Celery (department supervisor)
Description: This command is to open the work, assign tasks; task is the name of the task.py script, indicating that work is task task; -c 2 means to open 2 work at the same time. Mapping to the scene means that the department head gets the note to the secretary in real time and assigns it to the employee.
Description: The function of run.py is to send a message to the rabbitmq queue, mapping to the scene, that is, the boss writes the task on the note to the secretary.
The secretary here refers to rabbitmq.
Simply put, pika is actually a python client module used to connect to the rabbitmq service, and rabbitmq itself has only message storage, and there is no task allocation scheduling. Of course, the process of connecting rabbitmq with pika can also be assigned. This requires using the pika module to write a scheduling code, which is equivalent to writing a celery module.
Celery is used to assign tasks, mainly to do asynchronous task queues, but celery does not have the storage function, so a medium is needed to store messages, so it is often used together with rabbitmq.
For concurrent tasks, you can also use a for loop. Concurrency here means that not all tasks are executed together, but all tasks are sent to the queue, and the number of concurrent executions depends on the number of jobs.
Sometimes we encounter multiple tasks, and each task has different execution objects, so we need to create different queues to store the tasks. In this case, we need to specify the name of the queue when creating tasks and consuming tasks.
Note: When the task is delivered, the task will be stored in the test1 queue of rabbitmq.
Description: The worker will get the data from the test1 queue of rabbitmq.
I looked at the rabbitmqweb page and found that every time a celery executes a task, it generates a queue. This queue stores the state of the task execution, and this queue is very memory-intensive. Only when the client performs the acquired operation, the queue will disappear.
Under normal circumstances, we will use the crontab that comes with the Linux system to do the scheduled tasks. However, in celery, you can create scheduled tasks with its own scheduled task function.
Note: The key point is to set beat_schedule (plan task) in app.conf.update, task indicates the name of the task to be executed, schedule represents the execution cycle of the scheduled task, and args represents the parameters that need to be passed when the task is executed. Schedule specific configuration can refer to:
Description: Import the celery configuration, use the decorator to set the run function to the celery task.
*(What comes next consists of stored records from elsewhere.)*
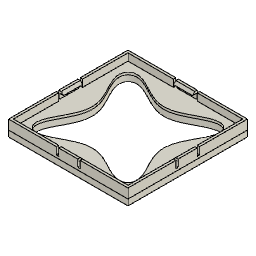
aufsatz (v3) v6 (Autodesk Fusion 360 design; units mm, degrees)
Autodesk Fusion 360 part; units mm, degrees
sketch "Skizze1" plane through (0, 0, 0) normal (0, 0, 1) x (1, 0, 0)
  line L0 (25, -25) -> (-25, -25) construction
  line L1 (-25, -25) -> (-25, 25) construction
  line L2 (-25, 25) -> (25, 25) construction
  line L3 (25, 25) -> (25, -25) construction
  line L4 (25, -25) -> (-25, 25) construction
  line L5 (-25, -25) -> (25, 25) construction
  line L6 (0, 25) -> (0, 20) construction
  line L7 (2.5, 22.5) -> (-2.5, 22.5)
  line L8 (-2.5, 22.5) -> (-2.5, 17.5)
  line L9 (-2.5, 17.5) -> (2.5, 17.5)
  line L10 (2.5, 17.5) -> (2.5, 22.5)
  line L11 (2.5, 22.5) -> (-2.5, 17.5) construction
  line L12 (-2.5, 22.5) -> (2.5, 17.5) construction
  circle A0 centre (0, 20) radius 5 construction
  line L13 (-22.5, -2.5) -> (-17.5, -2.5)
  line L14 (-17.5, -2.5) -> (-17.5, 2.5)
  line L15 (-22.5, 2.5) -> (-22.5, -2.5)
  line L16 (-17.5, 2.5) -> (-22.5, 2.5)
  line L17 (2.5, -22.5) -> (2.5, -17.5)
  line L18 (2.5, -17.5) -> (-2.5, -17.5)
  line L19 (-2.5, -22.5) -> (2.5, -22.5)
  line L20 (-2.5, -17.5) -> (-2.5, -22.5)
  line L21 (22.5, 2.5) -> (17.5, 2.5)
  line L22 (17.5, 2.5) -> (17.5, -2.5)
  line L23 (22.5, -2.5) -> (22.5, 2.5)
  line L24 (17.5, -2.5) -> (22.5, -2.5)
  line L25 (0, 25) -> (0, 15) construction
  line L26 (-25, -25) -> (25, -25)
  line L27 (25, -25) -> (25, 25)
  line L28 (25, 25) -> (-25, 25)
  line L29 (-25, 25) -> (-25, -25)
  spline S0 degree 5 poles (-20.0503, -20.0503) (-19.6556, -20.4489) (-18.686, -21.0653) (-16.7589, -21.3768) (-13.6473, -20.413) (-9.2487, -17.9258) (-4.6595, -15.5152) (0, -14.5056) (4.6595, -15.5149) (9.249, -17.9252) (13.6484, -20.4119) (17.5385, -21.6165) (20.5241, -20.5233) (21.5929, -17.5167) (20.3741, -13.6196) (17.8872, -9.2258) (15.4909, -4.649) (14.5051, -0.0015) (15.5403, 4.6523) (17.9692, 9.2426) (20.4589, 13.6458) (21.6478, 17.539) (20.5227, 20.524) (17.4867, 21.5928) (13.5795, 20.3782) (9.1932, 17.896) (4.6342, 15.5003) (0.0037, 14.5069) (-4.642, 15.5269) (-9.233, 17.9402) (-13.6414, 20.424) (-17.5392, 21.6225) (-20.5241, 20.5233) (-21.5922, 17.5107) (-20.3811, 13.6075) (-17.9032, 9.2107) (-15.5084, 4.637) (-14.5087, 0.0002) (-15.515, -4.6374) (-17.9137, -9.2128) (-20.3911, -13.611) (-21.3564, -16.7334) (-21.0536, -18.6733) (-20.4449, -19.6516) (-20.0503, -20.0503) knots 0 0 0 0 0 0 0.025 0.05 0.075 0.1 0.125 0.15 0.175 0.2 0.225 0.25 0.275 0.3 0.325 0.35 0.375 0.4 0.425 0.45 0.475 0.5 0.525 0.55 0.575 0.6 0.625 0.65 0.675 0.7 0.725 0.75 0.775 0.8 0.825 0.85 0.875 0.9 0.925 0.95 0.975 1 1 1 1 1 1
  line L30 (-15.1005, 25.0697) -> (-25, 15.0308)
  line L31 (25.1278, 15.1005) -> (14.9727, 25)
  line L32 (-25, -15.0497) -> (-15.1005, -25.0508)
  line L33 (15.1005, -25.0545) -> (25, -15.046)
  point P0 (0, 20)
  point P1 (0, -15)
  point P2 (20.0503, -20.0503)
  point P3 (15, 0)
  point P4 (20.0503, 20.0503)
  point P5 (-20.0503, 20.0503)
  point P6 (-15, 0)
  dimension "d1" = 50
  dimension "d2" = 50
  dimension "d3" = 5
  dimension "d4" = 5
  dimension "d5" = 5
  dimension "d7" = 10
  dimension "d14" = 10
  dimension "d19" = 7
  dimension "d20" = 7
  dimension "d21" = 7
  dimension "d22" = 7
  constraint horizontal L0
  constraint perpendicular L0 L1
  constraint parallel L0 L2
  constraint parallel L1 L3
  constraint coincident L4 origin
  constraint coincident L5 origin
  constraint midpoint L2 L6.start
  constraint perpendicular L2 L6
  constraint horizontal L7
  constraint perpendicular L7 L8
  constraint parallel L7 L9
  constraint parallel L8 L10
  constraint coincident L11 P0
  constraint coincident L12 P0
  constraint coincident P0 L6.end
  constraint coincident L6.start L25.start
  constraint parallel L6 L25
  constraint horizontal L26
  constraint vertical L27
  constraint horizontal L28
  constraint vertical L29
  constraint coincident L5 S0.start
  constraint coincident L4 P2
  constraint coincident L5 P4
  constraint coincident L4 P5
  constraint midpoint P5 L30
  constraint coincident L1 L30.end
  constraint midpoint P4 L31
  constraint coincident L28 L31.end
  constraint midpoint S0.start L32
  constraint midpoint P2 L33
  constraint coincident L3 L33.end
  measures "d1" distance of L1.end L2.end
  measures "d2" distance of L0.end L1.end
  measures "d3" distance of L6.start P0
  measures "d4" distance of L8.end L9.end
  measures "d5" distance of L7.end L8.end
  measures "d7" diameter of A0
  measures "d14" distance of L6.start L25.end
  measures "d19" distance of L1.end P5
  measures "d20" distance of L2.end P4
  measures "d21" distance of L0.start P2
  measures "d22" distance of L0.end S0.start
extrude "Extrusion6" add sketch "Skizze1" against normal blind 2.5 contours L26 L29 L32 | L26 S0 L32 L33 | L29 S0 L30 L32 | L26 L27 L33 | L28 L29 L30 | L27 S0 L31 L33 | L28 S0 L30 L31 | L27 L28 L31 makes body 1
extrude "Extrusion5" add sketch "Skizze1" along normal blind 1 separate body contours L7 L8 L9 L10 | L13 L14 L15 L16 | L17 L18 L19 L20 | L21 L22 L23 L24 | L26 L29 L32 | L26 S0 L32 L33 | L29 S0 L30 L32 | L26 L27 L33 | L28 L29 L30 | L27 S0 L31 L33 | L28 S0 L30 L31 | L27 L28 L31 makes body 2
sketch "Skizze4" plane through (0, 0, 1) normal (0, 0, 1) x (-1, 0, 0)
  spline S0 degree 5 poles (20.0503, 20.0503) (20.4449, 19.6516) (21.0536, 18.6733) (21.3564, 16.7334) (20.3911, 13.611) (17.9137, 9.2128) (15.515, 4.6374) (14.5087, -0.0002) (15.5084, -4.637) (17.9032, -9.2107) (20.3811, -13.6075) (21.5922, -17.5107) (20.5241, -20.5233) (17.5392, -21.6225) (13.6414, -20.424) (9.233, -17.9402) (4.642, -15.5269) (-0.0037, -14.5069) (-4.6342, -15.5003) (-9.1932, -17.896) (-13.5795, -20.3782) (-17.4867, -21.5928) (-20.5227, -20.524) (-21.6478, -17.539) (-20.4589, -13.6458) (-17.9692, -9.2426) (-15.5403, -4.6523) (-14.5051, 0.0015) (-15.4909, 4.649) (-17.8872, 9.2258) (-20.3741, 13.6196) (-21.5929, 17.5167) (-20.5241, 20.5233) (-17.5385, 21.6165) (-13.6484, 20.4119) (-9.249, 17.9252) (-4.6595, 15.5149) (0, 14.5056) (4.6595, 15.5152) (9.2487, 17.9258) (13.6473, 20.413) (16.7589, 21.3768) (18.686, 21.0653) (19.6556, 20.4489) (20.0503, 20.0503) knots -1 -1 -1 -1 -1 -1 -0.975 -0.95 -0.925 -0.9 -0.875 -0.85 -0.825 -0.8 -0.775 -0.75 -0.725 -0.7 -0.675 -0.65 -0.625 -0.6 -0.575 -0.55 -0.525 -0.5 -0.475 -0.45 -0.425 -0.4 -0.375 -0.35 -0.325 -0.3 -0.275 -0.25 -0.225 -0.2 -0.175 -0.15 -0.125 -0.1 -0.075 -0.05 -0.025 0 0 0 0 0 0
  line L0 (25, -25) -> (25, 25)
  line L1 (25, 25) -> (-25, 25)
  line L2 (-25, 25) -> (-25, -25)
  line L3 (-25, -25) -> (25, -25)
  line L4 (25, -5) -> (25, -25)
  line L5 (25, -25) -> (5, -25)
  line L6 (5, -25) -> (5, -24)
  line L7 (5, -24) -> (24, -24)
  line L8 (24, -24) -> (24, -5)
  line L9 (24, -5) -> (25, -5)
  line L10 (0, -25) -> (0, -15)
  line L11 (-5, -25) -> (-5, -24)
  line L12 (-5, -24) -> (-24, -24)
  line L13 (-24, -24) -> (-24, -5)
  line L14 (-24, -5) -> (-25, -5)
  line L15 (-25, -5) -> (-25, -25)
  line L16 (-25, -25) -> (-5, -25)
  line L17 (-25, 5) -> (-24, 5)
  line L18 (-24, 5) -> (-24, 24)
  line L19 (-24, 24) -> (-5, 24)
  line L20 (-5, 24) -> (-5, 25)
  line L21 (-5, 25) -> (-25, 25)
  line L22 (-25, 25) -> (-25, 5)
  line L23 (25, 5) -> (24, 5)
  line L24 (24, 5) -> (24, 24)
  line L25 (24, 24) -> (5, 24)
  line L26 (5, 24) -> (5, 25)
  line L27 (5, 25) -> (25, 25)
  line L28 (25, 25) -> (25, 5)
  line L29 (25, -4) -> (23, -4)
  line L30 (23, -4) -> (23, 4)
  line L31 (23, 4) -> (25, 4)
  line L32 (25, 4) -> (25, -4)
  line L33 (4, 25) -> (-4, 25)
  line L34 (-4, 25) -> (-4, 23)
  line L35 (-4, 23) -> (4, 23)
  line L36 (4, 23) -> (4, 25)
  line L37 (-25, -4) -> (-23, -4)
  line L38 (-23, -4) -> (-23, 4)
  line L39 (-23, 4) -> (-25, 4)
  line L40 (-25, 4) -> (-25, -4)
  line L41 (4, -25) -> (-4, -25)
  line L42 (-4, -25) -> (-4, -23)
  line L43 (-4, -23) -> (4, -23)
  line L44 (4, -23) -> (4, -25)
  point P0 (25, 0)
  point P1 (-25, 0)
  point P2 (0, 25)
  dimension "d38" = 1
  dimension "d39" = 1
  dimension "d40" = 5
  dimension "d41" = 5
  dimension "d44" = 1
  dimension "d45" = 1
  dimension "d46" = 1
  dimension "d47" = 1
  dimension "d48" = 1
  dimension "d49" = 1
  dimension "d50" = 5
  dimension "d51" = 10
  dimension "d52" = 5
  dimension "d53" = 5
  dimension "d54" = 5
  dimension "d55" = 5
  dimension "d56" = 2
  dimension "d57" = 1
  dimension "d60" = 1
  dimension "d61" = 1
  dimension "d62" = 1
  dimension "d63" = 2
  dimension "d64" = 2
  dimension "d65" = 1
  dimension "d66" = 1
  dimension "d67" = 2
  dimension "d68" = 1
  dimension "d69" = 1
  constraint coincident L0 L4.start
  constraint coincident L0.start L3.end
  constraint perpendicular L3 L4
  constraint coincident L3 L5.end
  constraint perpendicular L0 L5
  constraint perpendicular L3 L6
  constraint perpendicular L0 L7
  constraint perpendicular L3 L8
  constraint midpoint L0 P0
  constraint coincident L3 L11.start
  constraint perpendicular L3 L11
  constraint perpendicular L11 L12
  constraint perpendicular L3 L13
  constraint coincident L2 L14.end
  constraint perpendicular L2 L14
  constraint coincident L2.end L3.start
  constraint perpendicular L3 L15
  constraint coincident L2 L17.start
  constraint perpendicular L2 L17
  constraint perpendicular L1 L18
  constraint perpendicular L18 L19
  constraint coincident L1 L20.end
  constraint perpendicular L1 L20
  constraint coincident L1.end L2.start
  constraint perpendicular L2 L21
  constraint perpendicular L1 L22
  constraint coincident L0 L23.start
  constraint perpendicular L0 L23
  constraint perpendicular L23 L24
  constraint perpendicular L24 L25
  constraint coincident L1 L26.end
  constraint perpendicular L1 L26
  constraint coincident L0.end L1.start
  constraint perpendicular L0 L27
  constraint midpoint L2 P1
  constraint midpoint L1 P2
  constraint horizontal L29
  constraint vertical L30
  constraint horizontal L31
  constraint vertical L32
  constraint coincident L0 L29.start
  constraint horizontal L9
  constraint horizontal L33
  constraint vertical L34
  constraint horizontal L35
  constraint vertical L36
  constraint coincident L1 L33.start
  constraint horizontal L37
  constraint vertical L38
  constraint horizontal L39
  constraint vertical L40
  constraint coincident L2 L37.start
  constraint horizontal L41
  constraint vertical L42
  constraint horizontal L43
  constraint vertical L44
  constraint coincident L3 L41.start
  measures "d38" distance of L4.start L8.end
  measures "d39" distance of L5.end L6.end
  measures "d40" distance of L6 L10
  measures "d41" distance of L9 P0
  measures "d44" distance of L18 L22
  measures "d45" distance of L19 L21
  measures "d46" distance of L25 L27
  measures "d47" distance of L24 L28
  measures "d48" distance of L13 L15
  measures "d49" distance of L12 L16
  measures "d50" distance of L10.start L11
  measures "d51" distance of L14 L17
  measures "d52" distance of L17.start P1
  measures "d53" distance of P0 L23.start
  measures "d54" distance of L26.end P2
  measures "d55" distance of L20.end P2
  measures "d56" distance of L30.end L31.end
  measures "d57" distance of L23 L31
  measures "d60" distance of L9 L29
  measures "d61" distance of L26 L36
  measures "d62" distance of L20 L34
  measures "d63" distance of L33.end L34.end
  measures "d64" distance of L37.start L37.end
  measures "d65" distance of L14 L37
  measures "d66" distance of L17 L39
  measures "d67" distance of L41.start L43.end
  measures "d68" distance of L6 L44
  measures "d69" distance of L11 L42
extrude "Extrusion8" add sketch "Skizze4" along normal blind 3 contours L0 L3 L4 L5 L6 L7 L8 L9 | L0 L29 L30 L31 L32 | L3 L10 L41 L43 L44 | L3 L10 L41 L42 L43 | L0 L1 L23 L24 L25 L26 L27 L28 | L2 L3 L11 L12 L13 L14 L15 L16 | L1 L33 L34 L35 L36 | L2 L37 L38 L39 L40 | L1 L2 L17 L18 L19 L20 L21 L22 bodies 2
extrude "Extrusion7" add sketch "Skizze4" along normal blind 2 contours L0 L3 L4 L5 L6 L7 L8 L9 bodies 2
sketch "Skizze5" plane through (4, 0, 0) normal (1, 0, 0) x (0, 1, 0)
  line L0 (23, 1) -> (25, 1)
  line L1 (25, 1) -> (25, 4)
  line L2 (25, 4) -> (23, 4)
  line L3 (23, 4) -> (23, 1)
  line L4 (23, 1) -> (24.5, 1)
  line L5 (24.5, 1) -> (24.5, 3)
  line L6 (24.5, 3) -> (23, 3)
  line L7 (23, 3) -> (23, 1)
  line L8 (23, 3) -> (24, 4)
  line L9 (24, 4) -> (23, 4)
  line L10 (23, 4) -> (23, 3)
  dimension "d72" = 1.5
  dimension "d73" = 2
  constraint horizontal L4
  constraint vertical L5
  constraint horizontal L6
  constraint vertical L7
  constraint coincident L0.start L3.end
  constraint midpoint L2 L8.end
  constraint coincident L2.end L3.start
  measures "d72" distance of L5.end L6.end
  measures "d73" distance of L4.end L5.end
extrude "Extrusion9" cut sketch "Skizze5" against normal blind 8 contours L0 L3 L4 L5 L6 L7 | L2 L3 L8 L9 L10 bodies 2
sketch "Skizze6" plane through (0, -4, 0) normal (0, -1, 0) x (1, 0, 0)
  line L0 (-25, 1) -> (-23, 1)
  line L1 (-23, 1) -> (-23, 4)
  line L2 (-23, 4) -> (-25, 4)
  line L3 (-25, 4) -> (-25, 1)
  line L4 (-23, 1) -> (-24.5, 1)
  line L5 (-24.5, 1) -> (-24.5, 3)
  line L6 (-24.5, 3) -> (-23, 3)
  line L7 (-23, 3) -> (-23, 1)
  line L8 (-23, 3) -> (-24, 4)
  line L9 (-24, 4) -> (-24, 3)
  constraint horizontal L4
  constraint vertical L5
  constraint horizontal L6
  constraint vertical L7
  constraint coincident L0.end L1.start
  constraint midpoint L2 L8.end
  constraint coincident L6 L9.end
  constraint perpendicular L6 L9
extrude "Extrusion10" cut sketch "Skizze6" against normal blind 8 contours L0 L1 L4 L5 L6 L7 | L1 L2 L8 bodies 2
sketch "Skizze7" plane through (4, 0, 0) normal (1, 0, 0) x (0, 1, 0)
  line L0 (-25, 1) -> (-23, 1)
  line L1 (-23, 1) -> (-23, 4)
  line L2 (-23, 4) -> (-25, 4)
  line L3 (-25, 4) -> (-25, 1)
  line L4 (-23, 1) -> (-24.5, 1)
  line L5 (-24.5, 1) -> (-24.5, 3)
  line L6 (-24.5, 3) -> (-23, 3)
  line L7 (-23, 3) -> (-23, 1)
  line L8 (-23, 3) -> (-24, 4)
  line L9 (-24, 3) -> (-24, 4)
  constraint horizontal L4
  constraint vertical L5
  constraint horizontal L6
  constraint vertical L7
  constraint coincident L0.end L1.start
  constraint midpoint L2 L8.end
  constraint coincident L6 L9.start
extrude "Extrusion11" cut sketch "Skizze7" against normal blind 8 contours L0 L1 L4 L5 L6 L7 | L1 L2 L8 bodies 2
sketch "Skizze8" plane through (0, -4, 0) normal (0, -1, 0) x (1, 0, 0)
  line L0 (23, 1) -> (25, 1)
  line L1 (25, 1) -> (25, 4)
  line L2 (25, 4) -> (23, 4)
  line L3 (23, 4) -> (23, 1)
  line L4 (23, 1) -> (24.5, 1)
  line L5 (24.5, 1) -> (24.5, 3)
  line L6 (24.5, 3) -> (23, 3)
  line L7 (23, 3) -> (23, 1)
  line L8 (23, 3) -> (24, 4)
  line L9 (24, 4) -> (24, 3)
  constraint horizontal L4
  constraint vertical L5
  constraint horizontal L6
  constraint vertical L7
  constraint coincident L0.start L3.end
  constraint midpoint L2 L8.end
  constraint coincident L6 L9.end
  constraint perpendicular L6 L9
extrude "Extrusion12" cut sketch "Skizze8" against normal blind 8 contours L0 L3 L4 L5 L6 L7 | L2 L3 L8 bodies 2

Explanation: -A represents the name of the task executed (same as the name of the work file), and -B indicates the execution of the periodic task. There can only be one process and multiple starts.
The result of the execution is that every minute, the output: celery_crontab_test
Rabbitmq supports queue priority in version 3.5. Be sure to upgrade the rabbitmq version to 3.5 or later, otherwise you will not be able to use the priority. Need to explain, there are two priorities here, the first one is the same queue, the different messages in the queue can be set to priority; the second is to set the priority between different queues.
Corresponding requirements: When the work performs regular tasks, the work needs to perform some emergency tasks (bursts), so some sudden tasks are pushed to the same queue, but they are ranked first in the queue (high priority), that is, first Let the work perform emergency tasks.
You can see that the hello queue has a Pri flag, indicating that it is a priority queue.
Note: As can be seen from the results, the worker prioritizes the message with priority 9.
Corresponding requirements: The worker will get the tasks in multiple queues and execute them, but the execution priority of some queues is high, and the execution priority of some queues is low.
- The implementation plan has not been found yet, and the online program test is not successful! *
The above content is the celery usage and some principles that the individual understands. If there is any delay, please correct me, thank you!